[Given information — start]

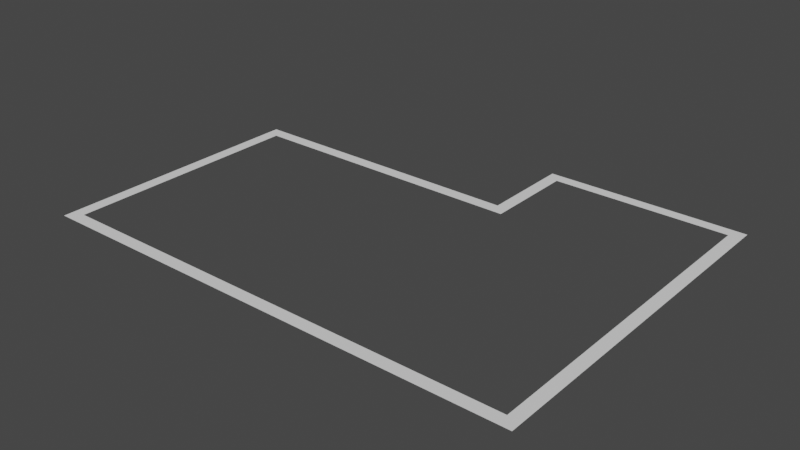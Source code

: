 # Source: blend.blend  (saved by Blender 3.4.6; exported with 4.5.12 LTS)
import bpy
from mathutils import Matrix  # noqa: F401  (used for matrix-valued properties, if any)

bpy.ops.wm.read_factory_settings(use_empty=True)
scene = bpy.context.scene
scene.name = 'Scene'

# ---- collections
col_collection = bpy.data.collections.new('Collection'); scene.collection.children.link(col_collection)

# ---- world
world_world = bpy.data.worlds.new('World'); scene.world = world_world
world_world.use_nodes = True; world_world.node_tree.nodes.clear()
_N = world_world.node_tree.nodes; _L = world_world.node_tree.links
n0 = _N.new('ShaderNodeOutputWorld'); n0.name = 'World Output'; n0.location = (300, 300)
n1 = _N.new('ShaderNodeBackground'); n1.name = 'Background'; n1.location = (10, 300)
n1.inputs[0].default_value = (0.05088, 0.05088, 0.05088, 1.0)
_L.new(n1.outputs[0], n0.inputs[0])
n0.is_active_output = True
world_world.color = (0.05088, 0.05088, 0.05088)
world_world.use_sun_shadow = False
world_world.sun_shadow_jitter_overblur = 0.0

# ---- meshes
me_x = bpy.data.meshes.new('Плоскость')
me_x.from_pydata([(-1.499, -0.1405, 0.0), (-1.215, -0.1405, 0.0), (-1.499, 0.1405, 0.0), (-1.215, 0.1405, 0.0), (2.845, -0.1405, 0.0), (2.845, 0.1405, 0.0), (3.05, -0.1405, 0.0), (3.05, 0.1405, 0.0), (5.046, -0.1405, 0.0), (5.046, 0.1405, 0.0), (5.324, -0.1405, 0.0), (5.324, 0.1405, 0.0), (5.046, 0.8727, 0.0), (5.324, 0.8727, 0.0), (5.046, 1.615, 0.0), (5.324, 1.615, 0.0), (5.046, 1.971, 0.0), (5.324, 1.971, 0.0), (5.046, 2.23, 0.0), (5.324, 2.23, 0.0), (9.321, 1.971, 0.0), (9.321, 2.23, 0.0), (9.603, 1.971, 0.0), (9.603, 2.23, 0.0), (9.321, 1.599, 0.0), (9.603, 1.599, 0.0), (9.321, 0.8597, 0.0), (9.603, 0.8597, 0.0), (9.321, -5.642, 0.0), (9.603, -5.642, 0.0), (9.321, -5.92, 0.0), (9.603, -5.92, 0.0), (-1.215, -5.642, 0.0), (-1.215, -5.92, 0.0), (-1.499, -5.642, 0.0), (-1.499, -5.92, 0.0)], [], [(0, 1, 3, 2), (3, 1, 4, 5), (5, 4, 6, 7), (7, 6, 8, 9), (9, 8, 10, 11), (9, 11, 13, 12), (12, 13, 15, 14), (14, 15, 17, 16), (16, 17, 19, 18), (19, 17, 20, 21), (21, 20, 22, 23), (22, 20, 24, 25), (25, 24, 26, 27), (27, 26, 28, 29), (29, 28, 30, 31), (30, 28, 32, 33), (33, 32, 34, 35), (34, 32, 1, 0)])
_uv = me_x.uv_layers.new(name='UVКарта')
_uv.uv.foreach_set('vector', [0.0, 0.0, 1.0, 0.0, 1.0, 1.0, 0.0, 1.0, 1.0, 1.0, 1.0, 0.0, 1.0, 0.0, 1.0, 1.0, 1.0, 1.0, 1.0, 0.0, 1.0, 0.0, 1.0, 1.0, 1.0, 1.0, 1.0, 0.0, 1.0, 0.0, 1.0, 1.0, 1.0, 1.0, 1.0, 0.0, 1.0, 0.0, 1.0, 1.0, 1.0, 1.0, 1.0, 1.0, 1.0, 1.0, 1.0, 1.0, 1.0, 1.0, 1.0, 1.0, 1.0, 1.0, 1.0, 1.0, 1.0, 1.0, 1.0, 1.0, 1.0, 1.0, 1.0, 1.0, 1.0, 1.0, 1.0, 1.0, 1.0, 1.0, 1.0, 1.0, 1.0, 1.0, 1.0, 1.0, 1.0, 1.0, 1.0, 1.0, 1.0, 1.0, 1.0, 1.0, 1.0, 1.0, 1.0, 1.0, 1.0, 1.0, 1.0, 1.0, 1.0, 1.0, 1.0, 1.0, 1.0, 1.0, 1.0, 1.0, 1.0, 1.0, 1.0, 1.0, 1.0, 1.0, 1.0, 1.0, 1.0, 1.0, 1.0, 1.0, 1.0, 1.0, 1.0, 1.0, 1.0, 1.0, 1.0, 1.0, 1.0, 1.0, 1.0, 1.0, 1.0, 1.0, 1.0, 1.0, 1.0, 1.0, 1.0, 1.0, 1.0, 1.0, 1.0, 1.0, 1.0, 1.0, 1.0, 1.0, 1.0, 0.0, 0.0, 0.0])
me_x.update()

# ---- objects
ob_x = bpy.data.objects.new('Плоскость', me_x)

# ---- transforms, parenting, visibility, modifiers, constraints
ob_x.location = (0.0, 0.0, 0.0)

# ---- collection membership
col_collection.objects.link(ob_x)

# ---- scene / render settings (as saved in the file)
scene.frame_start = 1; scene.frame_end = 250; scene.frame_set(1)
scene.render.engine = 'BLENDER_EEVEE_NEXT'
scene.cycles.sampling_pattern = 'TABULATED_SOBOL'
scene.cycles.use_light_tree = False
scene.view_settings.view_transform = 'Filmic'
bpy.context.view_layer.update()

# ---- added for rendering (the .blend has no active camera and no usable light): camera, sun
cam_auto = bpy.data.cameras.new('AutoCamera')
cam_auto.lens = 50.0
cam_auto.sensor_width = 36.0
cam_auto.clip_end = 1000.0
ob_auto_camera = bpy.data.objects.new('AutoCamera', cam_auto)
scene.collection.objects.link(ob_auto_camera)
ob_auto_camera.location = (16.7949, -17.136, 10.1943)
ob_auto_camera.rotation_euler = (1.09748, -7.21219e-08, 0.694738)
scene.camera = ob_auto_camera
light_auto_sun = bpy.data.lights.new('AutoSun', 'SUN')
light_auto_sun.energy = 3.0
light_auto_sun.angle = 0.0523599
ob_auto_sun = bpy.data.objects.new('AutoSun', light_auto_sun)
scene.collection.objects.link(ob_auto_sun)
ob_auto_sun.rotation_euler = (0.872665, 0.174533, 0.523599)
bpy.context.view_layer.update()

[Given information — finish]

### What the task asks
In the material above, how many lines hold the string "False"? Give the number and nothing else.

### Solution for this exercise
2